Tonight, for the first time in 2.5 weeks, all 3 are getting oxygen saturation reading of 99-100%. Maybe I will be able to drop off to the “regular” of just 6 nebs/day.
5+ days. 150+ nebs. Our last time trying ‘baseline’, my youngest spent half the night at 89…
It’s exhausting but extra nebs is better than going in. Whatever this is, I want it knocked out of the park. A couple more nights, some really good days, maybe Monday.
After a late morning albuterol/ ipratropium round for wheezing break-through, my kids began playing ‘clinic’ with the teddy bears from their beds.

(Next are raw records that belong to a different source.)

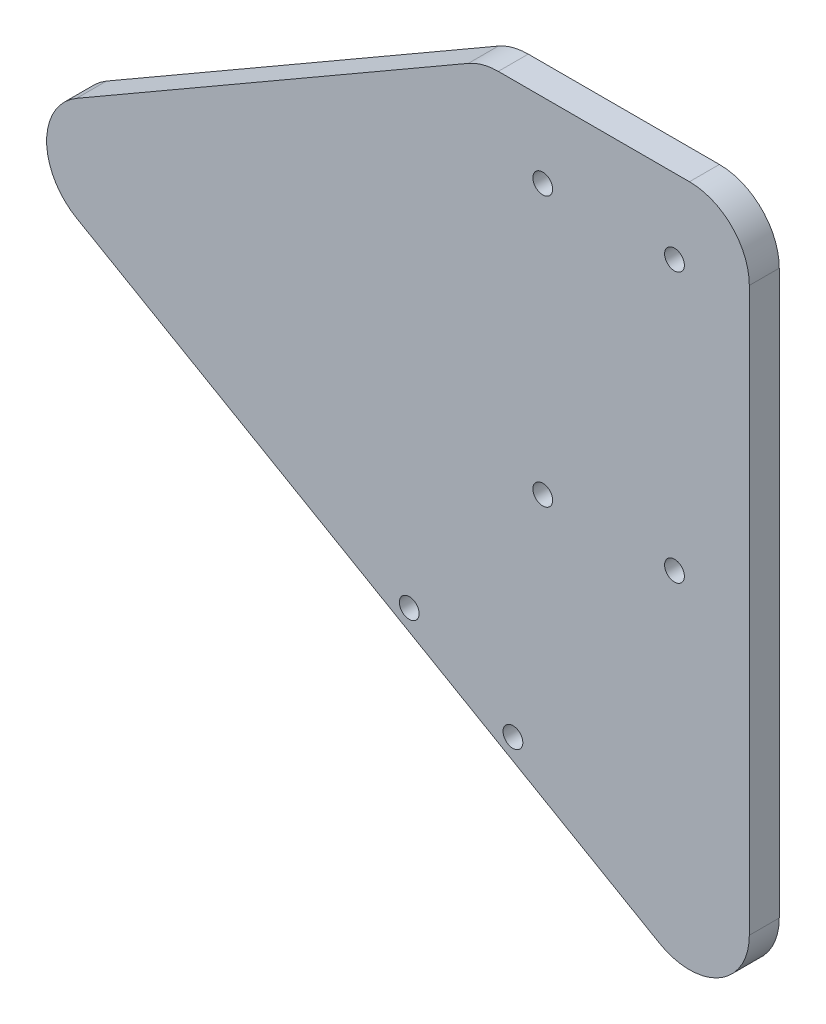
ISO-10303-21;
HEADER;
FILE_DESCRIPTION(('STEP AP214'),'2;1');
FILE_NAME('part.step','',(''),(''),'','','');
FILE_SCHEMA(('AUTOMOTIVE_DESIGN { 1 0 10303 214 1 1 1 1 }'));
ENDSEC;
DATA;
#1=APPLICATION_CONTEXT('core data for automotive mechanical design processes');
#2=APPLICATION_PROTOCOL_DEFINITION('international standard','automotive_design',2000,#1);
#3=PRODUCT_CONTEXT('',#1,'mechanical');
#4=PRODUCT('Part','Part','',(#3));
#5=PRODUCT_RELATED_PRODUCT_CATEGORY('part','',(#4));
#6=PRODUCT_DEFINITION_FORMATION('','',#4);
#7=PRODUCT_DEFINITION_CONTEXT('part definition',#1,'design');
#8=PRODUCT_DEFINITION('design','',#6,#7);
#9=PRODUCT_DEFINITION_SHAPE('','',#8);
#10=(LENGTH_UNIT() NAMED_UNIT(*) SI_UNIT(.MILLI.,.METRE.));
#11=(NAMED_UNIT(*) PLANE_ANGLE_UNIT() SI_UNIT($,.RADIAN.));
#12=(NAMED_UNIT(*) SI_UNIT($,.STERADIAN.) SOLID_ANGLE_UNIT());
#13=UNCERTAINTY_MEASURE_WITH_UNIT(LENGTH_MEASURE(1.E-05),#10,'distance_accuracy_value','');
#14=(GEOMETRIC_REPRESENTATION_CONTEXT(3) GLOBAL_UNCERTAINTY_ASSIGNED_CONTEXT((#13)) GLOBAL_UNIT_ASSIGNED_CONTEXT((#10,
#11,#12)) REPRESENTATION_CONTEXT('',''));
#15=CARTESIAN_POINT('',(0.,0.,0.));
#16=DIRECTION('',(0.,0.,1.));
#17=DIRECTION('',(1.,0.,0.));
#18=AXIS2_PLACEMENT_3D('',#15,#16,#17);
#19=CARTESIAN_POINT('',(13.5,25.,5.));
#20=DIRECTION('',(0.,0.,1.));
#21=DIRECTION('',(1.,0.,0.));
#22=AXIS2_PLACEMENT_3D('',#19,#20,#21);
#23=CYLINDRICAL_SURFACE('',#22,10.);
#24=CARTESIAN_POINT('',(13.5,25.,5.));
#25=DIRECTION('',(0.,0.,1.));
#26=DIRECTION('',(1.,0.,0.));
#27=AXIS2_PLACEMENT_3D('',#24,#25,#26);
#28=CIRCLE('',#27,10.);
#29=CARTESIAN_POINT('',(23.5,25.,5.));
#30=VERTEX_POINT('',#29);
#31=CARTESIAN_POINT('',(13.5,35.,5.));
#32=VERTEX_POINT('',#31);
#33=EDGE_CURVE('E105',#30,#32,#28,.T.);
#34=ORIENTED_EDGE('',*,*,#33,.F.);
#35=DIRECTION('',(0.,0.,1.));
#36=VECTOR('',#35,1.);
#37=CARTESIAN_POINT('',(23.5,25.,5.));
#38=LINE('',#37,#36);
#39=CARTESIAN_POINT('',(23.5,25.,0.));
#40=VERTEX_POINT('',#39);
#41=EDGE_CURVE('E169',#40,#30,#38,.T.);
#42=ORIENTED_EDGE('',*,*,#41,.F.);
#43=CARTESIAN_POINT('',(13.5,25.,0.));
#44=DIRECTION('',(0.,0.,-1.));
#45=DIRECTION('',(1.,0.,0.));
#46=AXIS2_PLACEMENT_3D('',#43,#44,#45);
#47=CIRCLE('',#46,10.);
#48=CARTESIAN_POINT('',(13.5,35.,0.));
#49=VERTEX_POINT('',#48);
#50=EDGE_CURVE('E11',#49,#40,#47,.T.);
#51=ORIENTED_EDGE('',*,*,#50,.F.);
#52=DIRECTION('',(0.,0.,-1.));
#53=VECTOR('',#52,1.);
#54=CARTESIAN_POINT('',(13.5,35.,0.));
#55=LINE('',#54,#53);
#56=EDGE_CURVE('E121',#32,#49,#55,.T.);
#57=ORIENTED_EDGE('',*,*,#56,.F.);
#58=EDGE_LOOP('',(#34,#42,#51,#57));
#59=FACE_BOUND('',#58,.T.);
#60=ADVANCED_FACE('F17',(#59),#23,.T.);
#61=CARTESIAN_POINT('',(-18.4241377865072,25.,5.));
#62=DIRECTION('',(0.,0.,-1.));
#63=DIRECTION('',(-1.,0.,0.));
#64=AXIS2_PLACEMENT_3D('',#61,#62,#63);
#65=CYLINDRICAL_SURFACE('',#64,10.);
#66=CARTESIAN_POINT('',(-18.4241377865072,25.,5.));
#67=DIRECTION('',(0.,0.,1.));
#68=DIRECTION('',(1.,0.,0.));
#69=AXIS2_PLACEMENT_3D('',#66,#67,#68);
#70=CIRCLE('',#69,10.);
#71=CARTESIAN_POINT('',(-18.4241377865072,35.,5.));
#72=VERTEX_POINT('',#71);
#73=CARTESIAN_POINT('',(-23.4241377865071,33.6602540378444,5.));
#74=VERTEX_POINT('',#73);
#75=EDGE_CURVE('E38',#72,#74,#70,.T.);
#76=ORIENTED_EDGE('',*,*,#75,.F.);
#77=DIRECTION('',(0.,0.,1.));
#78=VECTOR('',#77,1.);
#79=CARTESIAN_POINT('',(-18.4241377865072,35.,5.));
#80=LINE('',#79,#78);
#81=CARTESIAN_POINT('',(-18.4241377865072,35.,0.));
#82=VERTEX_POINT('',#81);
#83=EDGE_CURVE('E130',#82,#72,#80,.T.);
#84=ORIENTED_EDGE('',*,*,#83,.F.);
#85=CARTESIAN_POINT('',(-18.4241377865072,25.,0.));
#86=DIRECTION('',(0.,0.,-1.));
#87=DIRECTION('',(1.,0.,0.));
#88=AXIS2_PLACEMENT_3D('',#85,#86,#87);
#89=CIRCLE('',#88,10.);
#90=CARTESIAN_POINT('',(-23.4241377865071,33.6602540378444,0.));
#91=VERTEX_POINT('',#90);
#92=EDGE_CURVE('E25',#91,#82,#89,.T.);
#93=ORIENTED_EDGE('',*,*,#92,.F.);
#94=DIRECTION('',(0.,0.,-1.));
#95=VECTOR('',#94,1.);
#96=CARTESIAN_POINT('',(-23.4241377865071,33.6602540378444,5.));
#97=LINE('',#96,#95);
#98=EDGE_CURVE('E144',#74,#91,#97,.T.);
#99=ORIENTED_EDGE('',*,*,#98,.F.);
#100=EDGE_LOOP('',(#76,#84,#93,#99));
#101=FACE_BOUND('',#100,.T.);
#102=ADVANCED_FACE('F167',(#101),#65,.T.);
#103=CARTESIAN_POINT('',(-83.8621539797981,-12.7806562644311,5.));
#104=DIRECTION('',(0.,0.,1.));
#105=DIRECTION('',(1.,0.,0.));
#106=AXIS2_PLACEMENT_3D('',#103,#104,#105);
#107=CYLINDRICAL_SURFACE('',#106,10.);
#108=CARTESIAN_POINT('',(-83.8621539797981,-12.7806562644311,5.));
#109=DIRECTION('',(0.,0.,1.));
#110=DIRECTION('',(1.,0.,0.));
#111=AXIS2_PLACEMENT_3D('',#108,#109,#110);
#112=CIRCLE('',#111,10.);
#113=CARTESIAN_POINT('',(-88.8621539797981,-4.1204022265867,5.));
#114=VERTEX_POINT('',#113);
#115=CARTESIAN_POINT('',(-88.8621539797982,-21.4409103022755,5.));
#116=VERTEX_POINT('',#115);
#117=EDGE_CURVE('E49',#114,#116,#112,.T.);
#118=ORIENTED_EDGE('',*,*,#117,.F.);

As they prep my son’s bear for a ‘procedure’, my youngest picks him up, places him close to her nose & SNIFFFFFS deeply. “He smells TERRIBLE!” she says before stuffing him under her sister’s nose & asking her to smell.
SNIFFFFFF goes my older daughter. “Ew! This bear smells GROSS! Smell it Momma!”
As she hands me the bear, I realize the leg is moist. Keeping it a good distance from my nose, I sniff lightly.
UGH!!! Vomit. The bear’s leg smells like VOMIT.
Thanks, GERD & overnight GTube feeds. Thanks very much.
My Dad has been dead 18 years this summer. He had a favorite sweater I remember especially well. This week I made it into a house-warming birthday gift for my youngest brother. Favorite sweater, handknit by Mom, will soon become a coordinating item. I love to upcycle.
The kids had some adventures in creating this week too. There are Valentines to deliver and Tic-Tac-Toe to play. Trachs, kids & hammers…
My kids declared today:
“National Bitty Baby Day”
They have been playing with their Bitty triplets all afternoon. First they dressed them in matching outfits & “took them swimming”. Later the Bitty 3 dressed as ghosts using the doctor coats my kids have. Now the dolls are ill and receiving skilled medical care from my 3 little pros. So glad they are happily amused.